Here's the recursive function:

func pathfinder(startingTile: Tile, pathToThisPoint: Chain, var iteration: Int? = 1) -> Chain
{
var longestPath: Chain? = nil

var availableTiles = getNeighbouringTiles(startingTile)

for var nextTile = 0; nextTile < availableTiles.count; nextTile++
{
let column = availableTiles[nextTile].column
let row = availableTiles[nextTile].row

if tiles[column, row]!.tileType == startingTile.tileType && (tiles[column, row]!.isReactor == false || startingTile.isReactor)
{
// if we haven't been here before
if !pathToThisPoint.tiles.contains(tiles[column, row]!)
{
print(iteration)
iteration = iteration! + 1

// add this tile to the pathtothispoint
// go to the next unexplored tile (recurse this function)
pathToThisPoint.tiles.append(tiles[column, row]!)

let tempPath = pathfinder(tiles[column, row]!, pathToThisPoint: pathToThisPoint)

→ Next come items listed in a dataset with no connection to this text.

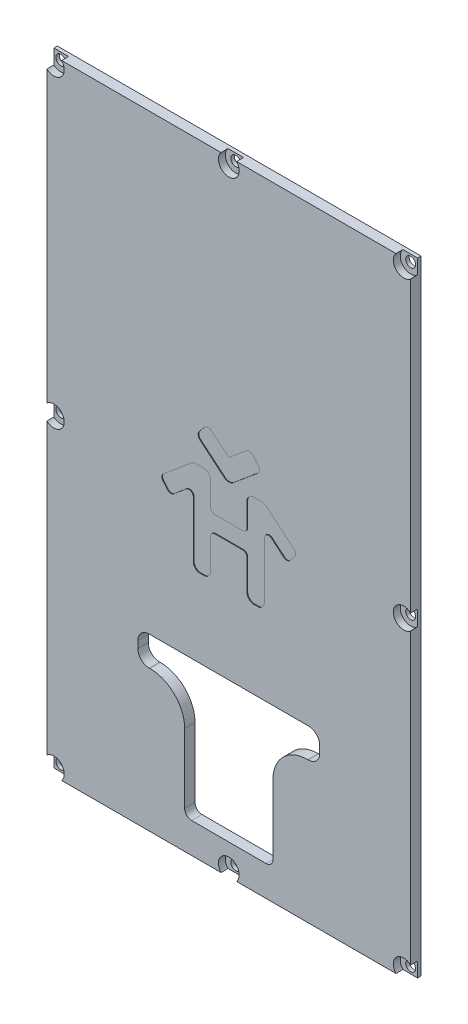
SolidWorks part; units mm, degrees
ref_plane "Спереди" through (0, 0, 0) normal (0, 0, 1) x (1, 0, 0)
ref_plane "Сверху" through (0, 0, 0) normal (0, 1, 0) x (1, 0, 0)
ref_plane "Справа" through (0, 0, 0) normal (1, 0, 0) x (0, 0, -1)
sketch "Эскиз1" plane through (0, 0, 0) normal (0, 0, 1) x (1, 0, 0)
  line L1 (-52.5, -90) -> (52.5, -90)
  line L2 (-52.5, -90) -> (-52.5, 90)
  line L3 (-52.5, 90) -> (52.5, 90)
  line L4 (52.5, -90) -> (52.5, 90)
  line L5 (-52.5, -90) -> (52.5, 90) construction
  line L6 (-52.5, 90) -> (52.5, -90) construction
  point P0 (0, 0)
  dimension "D1" = 105
  dimension "D2" = 180
extrude "Бобышка-Вытянуть1" add sketch "Эскиз1" along normal blind 3
sketch "Эскиз2" plane through (0, 0, 0) normal (0, 0, -1) x (-1, 0, 0)
  line L0 (-26.25, -44) -> (-26.25, -46)
  line L1 (-23, -49.25) -> (-22.75, -49.25)
  line L2 (-12.75, -59.25) -> (-12.75, -79.25)
  line L3 (-10.75, -81.25) -> (10.75, -81.25)
  line L4 (12.75, -79.25) -> (12.75, -59.25)
  line L5 (22.75, -49.25) -> (23, -49.25)
  line L6 (26.25, -46) -> (26.25, -44)
  line L7 (23, -40.75) -> (-23, -40.75)
  line L8 (-52.5, -90) -> (-52.5, 90) construction
  line L9 (52.5, 90) -> (52.5, -90) construction
  line L10 (52.5, -90) -> (-52.5, -90) construction
  arc A0 (22.75, -49.25) -> (12.75, -59.25) centre (22.75, -59.25) ccw
  arc A1 (-12.75, -59.25) -> (-22.75, -49.25) centre (-22.75, -59.25) ccw
  arc A2 (23, -49.25) -> (26.25, -46) centre (23, -46) ccw
  arc A3 (26.25, -44) -> (23, -40.75) centre (23, -44) ccw
  arc A4 (-23, -49.25) -> (-26.25, -46) centre (-23, -46) cw
  arc A5 (-23, -40.75) -> (-26.25, -44) centre (-23, -44) ccw
  arc A6 (12.75, -79.25) -> (10.75, -81.25) centre (10.75, -79.25) cw
  arc A7 (-10.75, -81.25) -> (-12.75, -79.25) centre (-10.75, -79.25) cw
  point P16 (12.75, -49.25)
  point P21 (26.25, -49.25)
  point P24 (26.25, -40.75)
  point P31 (12.75, -81.25)
  point P34 (-12.75, -81.25)
  dimension "D7" = 10
  dimension "D8" = 3.25
  dimension "D9" = 2
  dimension "D1" = 26.25
  dimension "D2" = 26.25
  dimension "D3" = 49.25
  dimension "D4" = 8.5
  dimension "D5" = 25.5
  dimension "D6" = 32
extrude "Вырез-Вытянуть1" cut sketch "Эскиз2" against normal blind 10
sketch "Эскиз3" plane through (0, 0, 3) normal (0, 0, 1) x (1, 0, 0)
  line L0 (-50.5, -940.9285) -> (-50.5, 49059.0715) construction
  line L1 (50.5, -944.6511) -> (50.5, 49055.3489) construction
  line L2 (-1032.3277, 88) -> (48967.6723, 88) construction
  line L3 (-1028.801, -88) -> (48971.199, -88) construction
  line L4 (-52.5, -90) -> (52.5, -90) construction
  line L6 (-52.5, 90) -> (-52.5, -90) construction
  line L7 (52.5, -90) -> (52.5, 90) construction
  line L8 (52.5, 90) -> (-52.5, 90) construction
  line L9 (0, -925) -> (0, 49075) construction
  line L10 (-1052.5, 0) -> (48947.5, 0) construction
  circle A0 centre (-50.5, 88) radius 3
  circle A1 centre (0, 88) radius 3
  circle A2 centre (50.5, 88) radius 3
  circle A3 centre (50.5, 0) radius 3
  circle A4 centre (50.5, -88) radius 3
  circle A5 centre (0, -88) radius 3
  circle A6 centre (-50.5, -88) radius 3
  circle A7 centre (-50.5, 0) radius 3
  point P19 (0, 90)
  point P22 (-52.5, 0)
  dimension "D5" = 6
  dimension "D1" = 2
  dimension "D2" = 2
  dimension "D3" = 2
  dimension "D4" = 2
extrude "Вырез-Вытянуть2" cut sketch "Эскиз3" against normal blind 2
sketch "Эскиз4" plane through (0, 0, 1) normal (0, 0, 1) x (1, 0, 0)
  circle A0 centre (-50.5, 88) radius 1.425
  circle A1 centre (0, 88) radius 1.425
  circle A2 centre (50.5, 88) radius 1.425
  circle A3 centre (50.5, 0) radius 1.425
  circle A4 centre (50.5, -88) radius 1.425
  circle A5 centre (0, -88) radius 1.425
  circle A6 centre (-50.5, -88) radius 1.425
  circle A7 centre (-50.5, 0) radius 1.425
  dimension "D1" = 2.85
extrude "Вырез-Вытянуть3" cut sketch "Эскиз4" against normal blind 2
sketch "Эскиз5" plane through (0, 0, 3) normal (0, 0, 1) x (1, 0, 0)
  line L0 (-10.25, -0.0911) -> (-10.25, -16.2185)
  line L1 (-8.25, -18.2185) -> (-7.25, -18.2185)
  line L2 (-5.25, -16.2185) -> (-5.25, -7.4685)
  line L3 (-4, -6.2185) -> (4, -6.2185)
  line L4 (-9.3401, 8.5815) -> (-7.25, 8.5815)
  line L5 (-5.25, 6.5815) -> (-5.25, -0.1685)
  line L6 (0, -1000.6685) -> (0, 48999.3315) construction
  line L7 (-4, -1.4185) -> (4, -1.4185)
  line L8 (-10.947, 7.9966) -> (-18.868, 1.3501)
  line L9 (-19.0221, -0.4109) -> (-17.6786, -2.012)
  line L10 (-15.9176, -2.1661) -> (-12.3035, 0.8665)
  line L11 (15.9176, -2.1661) -> (12.3035, 0.8665)
  line L12 (19.0221, -0.4109) -> (17.6786, -2.012)
  line L13 (10.947, 7.9966) -> (18.868, 1.3501)
  line L14 (5.25, 6.5815) -> (5.25, -0.1685)
  line L15 (9.3401, 8.5815) -> (7.25, 8.5815)
  line L16 (5.25, -16.2185) -> (5.25, -7.4685)
  line L17 (8.25, -18.2185) -> (7.25, -18.2185)
  line L18 (10.25, -0.0911) -> (10.25, -16.2185)
  line L19 (0, 14.8585) -> (-4.9795, 19.0368)
  line L20 (-7.0927, 18.8519) -> (-8.4839, 17.194)
  line L21 (-8.299, 15.0808) -> (-1.2856, 9.1958)
  line L22 (8.299, 15.0808) -> (1.2856, 9.1958)
  line L23 (0, 14.8585) -> (4.9795, 19.0368)
  line L24 (7.0927, 18.8519) -> (8.4839, 17.194)
  arc A0 (-10.25, -16.2185) -> (-8.25, -18.2185) centre (-8.25, -16.2185) ccw
  arc A1 (-7.25, -18.2185) -> (-5.25, -16.2185) centre (-7.25, -16.2185) ccw
  arc A2 (-5.25, 6.5815) -> (-7.25, 8.5815) centre (-7.25, 6.5815) ccw
  arc A3 (-9.3401, 8.5815) -> (-10.947, 7.9966) centre (-9.3401, 6.0815) ccw
  arc A4 (-4, -6.2185) -> (-5.25, -7.4685) centre (-4, -7.4685) ccw
  arc A5 (-4, -1.4185) -> (-5.25, -0.1685) centre (-4, -0.1685) cw
  arc A6 (-10.25, -0.0911) -> (-12.3035, 0.8665) centre (-11.5, -0.0911) ccw
  arc A7 (-15.9176, -2.1661) -> (-17.6786, -2.012) centre (-16.721, -1.2085) cw
  arc A8 (-18.868, 1.3501) -> (-19.0221, -0.4109) centre (-18.0645, 0.3926) ccw
  arc A9 (18.868, 1.3501) -> (19.0221, -0.4109) centre (18.0645, 0.3926) cw
  arc A10 (15.9176, -2.1661) -> (17.6786, -2.012) centre (16.721, -1.2085) ccw
  arc A11 (10.25, -0.0911) -> (12.3035, 0.8665) centre (11.5, -0.0911) cw
  arc A12 (4, -1.4185) -> (5.25, -0.1685) centre (4, -0.1685) ccw
  arc A13 (4, -6.2185) -> (5.25, -7.4685) centre (4, -7.4685) cw
  arc A14 (9.3401, 8.5815) -> (10.947, 7.9966) centre (9.3401, 6.0815) cw
  arc A15 (5.25, 6.5815) -> (7.25, 8.5815) centre (7.25, 6.5815) cw
  arc A16 (7.25, -18.2185) -> (5.25, -16.2185) centre (7.25, -16.2185) cw
  arc A17 (10.25, -16.2185) -> (8.25, -18.2185) centre (8.25, -16.2185) cw
  arc A18 (-8.299, 15.0808) -> (-8.4839, 17.194) centre (-7.3348, 16.2298) cw
  arc A19 (-4.9795, 19.0368) -> (-7.0927, 18.8519) centre (-5.9437, 17.8877) ccw
  arc A20 (4.9795, 19.0368) -> (7.0927, 18.8519) centre (5.9437, 17.8877) cw
  arc A21 (8.299, 15.0808) -> (8.4839, 17.194) centre (7.3348, 16.2298) ccw
  arc A22 (1.2856, 9.1958) -> (-1.2856, 9.1958) centre (0, 10.7279) cw
  point P35 (0, -6.2185)
  point P36 (0, -1.4185)
  point P61 (19.57, 0.5466)
  point P62 (4.9945, -1.4185)
  point P63 (4.9945, -6.2185)
  point P64 (9.9945, 8.5815)
  point P65 (4.9945, 8.5815)
  point P66 (4.9945, -18.2185)
  point P67 (9.9945, -18.2185)
  point P79 (5.7231, 19.8752)
  point P80 (8.937, 16.0449)
  dimension "D3" = 2
  dimension "D4" = 2.5
  dimension "D6" = 1.5
  dimension "D7" = 2
  dimension "D8" = 1.25
  dimension "D1" = 5.25
  dimension "D2" = 50
  dimension "D5" = 50
extrude "Вырез-Вытянуть4" cut sketch "Эскиз5" against normal blind 0.2

// if the resulting path is longer...
if tempPath.tiles.count > longestPath?.tiles.count
{
// then tempPath is now the longest path
longestPath = tempPath

}
}
}

if longestPath != nil
{
return longestPath!
}
else
{
return pathToThisPoint
}
}


It's dependent on the getNeighboringTiles function (shown below) that returns an array of valid tiles of the same type, excluding reactors:

func getNeighbouringTiles(tile: Tile, previousTile: Tile? = nil) -> Array<Tile>
{
var validNeighbouringTiles = Array<Tile>()
var neighbourTile: Tile
// check top, right, bottom, left
if tile.row < NumRows - 1
{
neighbourTile = tiles[tile.column, tile.row + 1]!
if neighbourTile.tileType == tile.tileType && !neighbourTile.isReactor && (previousTile == nil || previousTile != neighbourTile)
{
validNeighbouringTiles.append(neighbourTile)
}
}
if tile.column < NumColumns - 1
{
neighbourTile = tiles[tile.column + 1, tile.row]!
if neighbourTile.tileType == tile.tileType && !neighbourTile.isReactor && (previousTile == nil || previousTile != neighbourTile)
{
validNeighbouringTiles.append(neighbourTile)
}
}
if tile.row > 0
{
neighbourTile = tiles[tile.column, tile.row - 1]!
if neighbourTile.tileType == tile.tileType && !neighbourTile.isReactor && (previousTile == nil || previousTile != neighbourTile)
{
validNeighbouringTiles.append(neighbourTile)
}
}
if tile.column > 0
{
neighbourTile = tiles[tile.column - 1, tile.row]!
if neighbourTile.tileType == tile.tileType && !neighbourTile.isReactor && (previousTile == nil || previousTile != neighbourTile)
{
validNeighbouringTiles.append(neighbourTile)
}
}
// if we get this far, they have no neighbour
return validNeighbouringTiles
}


The Tile class looks like this (methods omitted for brevity):

class Tile: CustomStringConvertible, Hashable
{
var column:Int
var row:Int
var tileType: TileType // enum, 1 - 4, mapping to colors
var isReactor: Bool = false

// if the tile is a reactor, we can store is longest available path here
var reactorPath: Chain! = Chain()
}


And finally, the chain class looks like this (again, methods omitted for brevity):

class Chain {
// The tiles that are part of this chain.
var tiles = [Tile]()

tiles.append(tile)
}

func firstTile() -> Tile {
return tiles[0]
}

func lastTile() -> Tile {
return tiles[tiles.count - 1]
}

var length: Int {
return tiles.count
}
}

• What should the result be for non-tree paths, for example the "P" shape? – wondra Feb 4 '16 at 11:52
• That depends on the position of the reactor; if it starts at the bottom of the P, it'll go either all the way up then round, or hang a right at the bottom of the loop and follow up and around back down to where it turned right. If it starts mid-P (at the top, or where the curve joins midway) and the available paths are of equal lengths, it'll pick one at random. Each tile in any given path should only be visited once – MassivePenguin Feb 4 '16 at 12:03
• Finding longest cycle-free paths is an NP-Hard problem. It'll still be tractable in this case because your graphs are small, but don't underestimate how thorny this problem can be. Because you want longest paths, many common path algorithms like Dijkstra's will give you the wrong answer without modification. – DMGregory Feb 4 '16 at 14:32
• I've added some code above. I think I'm closing in on a solution but my code is bugged... – MassivePenguin Feb 12 '16 at 9:24

If I am not mistaken these types of problems are usually solved by backtracking family of algorithms.
I would use an algorithm similar to DFS: recursively search the solutions tree and whenever leaf node is reached, save the path if it was the longest discovered. After reaching leaf node, backtrack to last "crossroads" and take the other turn(s). In order to prevent infinite loops you will also need to mark visited/searched nodes.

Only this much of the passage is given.